• **Exercise prompt**:
Below are the entries to work from; restate word for word the portion that opens with the line containing "line L13 (-44, 55.5) -> (-49, 55.5)" and closes with the line containing "lines of L5 L3", keeping both.

[Collected data entries]

□ □ □ □ □ □ □

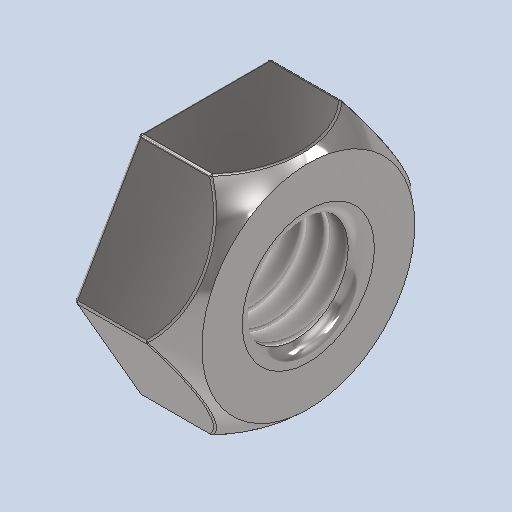
# Autodesk Inventor part: M4_Nut
Saved by Autodesk Inventor 2023 (Build 270158000, 158)
## iProperties
Created: 2020-02-10
Part Number: M4_Nut
Material: 鉄、鋳鉄
Document SubType Name: Modeling
Designer: Hagihara Yuya
Density: 7.15 g/cm^3
Appearance: 鋼 - つや出し
Author: Hagihara Yuya
Autodesk Inventor part; units mm, degrees
ref_plane "YZ Plane" through (0, 0, 0) normal (1, 0, 0) x (0, 1, 0)
ref_plane "XZ Plane" through (0, 0, 0) normal (0, 1, 0) x (-1, 0, 0)
ref_plane "XY Plane" through (0, 0, 0) normal (0, 0, 1) x (1, 0, 0)
sketch "スケッチ1" plane through (0, 0, 0) normal (1, 0, 0) x (0, 1, 0)
  line L0 (0, -3.9837) -> (-3.45, -1.9919)
  line L1 (-3.45, -1.9919) -> (-3.45, 1.9919)
  line L2 (-3.45, 1.9919) -> (0, 3.9837)
  line L3 (0, 3.9837) -> (3.45, 1.9919)
  line L4 (3.45, 1.9919) -> (3.45, -1.9919)
  line L5 (3.45, -1.9919) -> (0, -3.9837)
  line L6 (0, -5.5772) -> (0, 5.5772) projected
  point P0 (0, 0)
  point P1 (0, 0)
  dimension "d0" = 6.9
  constraints: 12 end point, 1 coincident, 1 point on line, 13 other
  measures "d0" distance between parallel lines of L1 L4
extrude "押し出し1" add sketch "スケッチ1" along normal blind 3.2
sketch "スケッチ2" plane through (3.2, 0, 0) normal (1, 0, 0) x (0, 0, -1)
  point P0 (0, 0)
  point P1 (0, 0)
  constraints: 1 coincident
hole "穴1" at (3.2, 0, 0) direction (-1, 0, 0) diameter 3.242 end through all thread size "M4x0.7" class "6H" standard "ISO Metric profile"
sketch "スケッチ5" plane through (0, 0, 0) normal (0, 1, 0) x (-1, 0, 0)
  circle A0 centre (-0.0681, 0) radius 4.5183
  line L0 (5.6865, 0) -> (-7.0039, 0) projected
  line L1 (0, 1.9919) -> (0, 3.9837) projected
  line L2 (0, 3.9837) -> (-3.2, 3.9837) projected
  line L3 (-3.2, -1.9919) -> (-3.2, -3.9837) projected
  circle A1 centre (-0.0681, 0) radius 5.0675
  point P0 (0, 0)
  point P1 (-2.2, 3.9837)
  point P2 (-3.1, 3.35)
  point P3 (-5.1355, 0)
  point P4 (-4.5864, 0)
  point P5 (4.4503, 0)
  point P6 (4.9994, 0)
  dimension "d14" = 2.2
  dimension "d15" = 3.35
  dimension "d16" = 3.1
  constraints: 2 point on circle, 2 point on line, 1 centre point, 1 coincident, 3 other
  measures "d14" distance of L1.end A0.start
  measures "d15" distance from line of L0 A0.end
  measures "d16" distance from line of L1 A0.end
revolve "回転1" cut sketch "スケッチ5" angle 360 about axis through (-10, 0, 0) along (1, 0, 0) contours A0 L2 A1 L0 | A0 L0 A1 L2
fillet "フィレット1" radius 0.1 12 edges at (1.1, 0, 3.9837) (1.1, -3.45, 1.9919) (1.1, -3.45, -1.9919) (1.1, 0, -3.9837) (1.1, 3.45, -1.9919) (1.1, 3.45, 1.9919) (0, 3.45, 0) (0, 1.725, 2.9878) (0, 1.725, -2.9878) (0, -1.725, -2.9878) (0, -3.45, 0) (0, -1.725, 2.9878)
fillet "フィレット2" radius 0.4 2 edges at (3.2, 0, 1.621) (0, 0, 1.621)
fillet "フィレット3" radius 0.1 13 edges at (2.2348, -0.0259, 3.9648) (2.2287, -3.4366, 1.9841) (2.2287, 3.4366, 1.9841) (2.2348, 0.0259, 3.9648) (2.9857, 1.725, 2.9878) (2.9857, 3.45, 0) (2.2287, 3.4366, -1.9841) (2.9857, 1.725, -2.9878) (2.2287, 0, -3.9682) (2.9857, -1.725, -2.9878) (2.2287, -3.4366, -1.9841) (2.9857, -3.45, 0) (2.9857, -1.725, 2.9878)
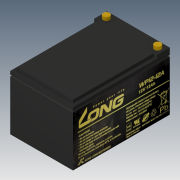
# Autodesk Inventor part: 800-10-ELECTRONICS-BATTERY-12V-12Ah
Saved by Autodesk Inventor 2018.2 (Build 222227000, 227)
## iProperties
Manager: feesmrt
Company: FRANC0R
Created: 2017-12-05
Part Number: 800-10-ELECTRONICS-BATTERY-12V-12Ah
Material: ABS-Kunststoff
Document SubType Name: Modeling
Designer: feesmrt
Density: 1.06 g/cm^3
Appearance: Glatt - schwarz
Project: Rescue Robot
Cost Center: -
Engineer: feesmrt
Authority: feesmrt
Description: Lead-Acid Battery WP12-12 12V 12Ah
Stock Number: 800-10-ELECTRONICS-BATTERY-12V-12Ah
Catalog Web Link: Reichelt
Vendor: https://www.reichelt.de/Blei-Vlies-Akkus-12V-Kung-Long/WP-12-12/3/index.html?ACTION=3&GROUPID=4232&ARTICLE=44421&START=0&OFFSET
Author: feesmrt
Subject: Rescue Robot
Title: Lead-Acid Battery WP12-12 12V 12Ah
Revision Number: 1
Autodesk Inventor part; units mm, degrees
ref_plane "YZ Plane" through (0, 0, 0) normal (1, 0, 0) x (0, 1, 0)
ref_plane "XZ Plane" through (0, 0, 0) normal (0, 1, 0) x (-1, 0, 0)
ref_plane "XY Plane" through (0, 0, 0) normal (0, 0, 1) x (1, 0, 0)
sketch "Skizze1" plane through (0, 0, 0) normal (0, 0, 1) x (1, 0, 0)
  line L0 (-49, -75.5) -> (49, -75.5)
  line L1 (49, -75.5) -> (49, 75.5)
  line L2 (49, 75.5) -> (-49, 75.5)
  line L3 (-49, 75.5) -> (-49, -75.5)
  line L4 (-49, -75.5) -> (49, 75.5) construction
  line L5 (49, -75.5) -> (-49, 75.5) construction
  point P0 (0, 0)
  dimension "d0" = 98
  dimension "d1" = 151
  constraints: 12 end point, 2 midpoint, 2 parallel, 1 horizontal, 1 perpendicular
  measures "d0" distance of L1.end L2.end
  measures "d1" distance of L0.end L1.end
extrude "Grundkörper" add sketch "Skizze1" along normal blind 83
chamfer "Fase" distance 2.5 angle 45 8 edges at (-49, 0, 83) (0, -75.5, 83) (49, 0, 83) (0, 75.5, 83) (0, -75.5, 0) (-49, 0, 0) (49, 0, 0) (0, 75.5, 0)
sketch "Skizze2" plane through (0, 0, 83) normal (0, 0, 1) x (1, 0, 0)
  line L0 (49, -75.5) -> (49, 75.5) projected
  line L1 (49, 75.5) -> (-49, 75.5) projected
  line L2 (-49, -75.5) -> (49, -75.5) projected
  line L3 (-49, 75.5) -> (-49, -75.5) projected
  point P0 (0, 0)
extrude "Cap" add sketch "Skizze2" along normal blind 10
sketch "Skizze3" plane through (0, 0, 93) normal (0, 0, 1) x (1, 0, 0)
  line L0 (44, 55.5) -> (-44, 55.5)
  line L1 (-44, 55.5) -> (-44, -70.5)
  line L2 (-44, -70.5) -> (44, -70.5)
  line L3 (44, -70.5) -> (44, 55.5)
  line L4 (0, 105.7) -> (0, -105.7) construction
  line L5 (49, -75.5) -> (49, 75.5) projected
  line L6 (-49, -75.5) -> (49, -75.5) projected
  line L7 (44, 55.5) -> (49, 55.5)
  line L8 (49, -75.5) -> (49, 75.5) projected
  line L9 (49, 55.5) -> (49, -75.5)
  line L10 (-49, 75.5) -> (-49, -75.5) projected
  line L11 (49, -75.5) -> (-49, -75.5)
  line L12 (-49, -75.5) -> (-49, 55.5)
  line L13 (-44, 55.5) -> (-49, 55.5)
  line L14 (-46.5, -73) -> (-46.5, 73) projected
  line L15 (49, 75.5) -> (-49, 75.5) projected
  point P0 (0, 0)
  dimension "d9" = 5
  dimension "d10" = 5
  dimension "d13" = 20
  constraints: 18 end point, 4 perpendicular, 2 parallel, 2 point on line, 1 collinear, 1 horizontal, 1 other
  measures "d9" distance between parallel lines of L5 L3
  measures "d10" distance between parallel lines of L6 L2
  measures "d13" distance between parallel lines of L15 L0
extrude "Absatz" cut sketch "Skizze3" against normal blind 5 contours L7 L5 L6 L10 L13 L1 L2 L3
sketch "Skizze4" plane through (0, 0, 93) normal (0, 0, 1) x (1, 0, 0)
  line L0 (44, 55.5) -> (49, 55.5) projected
  line L1 (49, 75.5) -> (-49, 75.5) projected
  line L2 (49, 55.5) -> (49, 75.5) projected
  line L3 (-49, 75.5) -> (-49, 55.5) projected
  line L4 (49, 55.5) -> (-49, 55.5)
  line L5 (-49, 75.5) -> (-49, -75.5) projected
  line L6 (-49, 65.5) -> (49, 65.5) construction
  line L7 (49, 75.5) -> (49, -75.5) projected
  line L8 (0, 105.7) -> (0, -105.7) construction
  circle A0 centre (40, 65.5) radius 5
  circle A1 centre (-40, 65.5) radius 5
  point P0 (0, 0)
  dimension "d14" = 10
  dimension "d15" = 80
  constraints: 4 end point, 4 point on line, 2 centre point, 1 equal radius, 1 horizontal, 1 symmetric about line
  measures "d14" diameter of A0
  measures "d15" distance of A1.centre A0.centre
extrude "Connectors" add sketch "Skizze4" along normal blind 5 contours A0 | A1

□ □ □ □ □ □ □

• **Written answer**:
  line L13 (-44, 55.5) -> (-49, 55.5)
  line L14 (-46.5, -73) -> (-46.5, 73) projected
  line L15 (49, 75.5) -> (-49, 75.5) projected
  point P0 (0, 0)
  dimension "d9" = 5
  dimension "d10" = 5
  dimension "d13" = 20
  constraints: 18 end point, 4 perpendicular, 2 parallel, 2 point on line, 1 collinear, 1 horizontal, 1 other
  measures "d9" distance between parallel lines of L5 L3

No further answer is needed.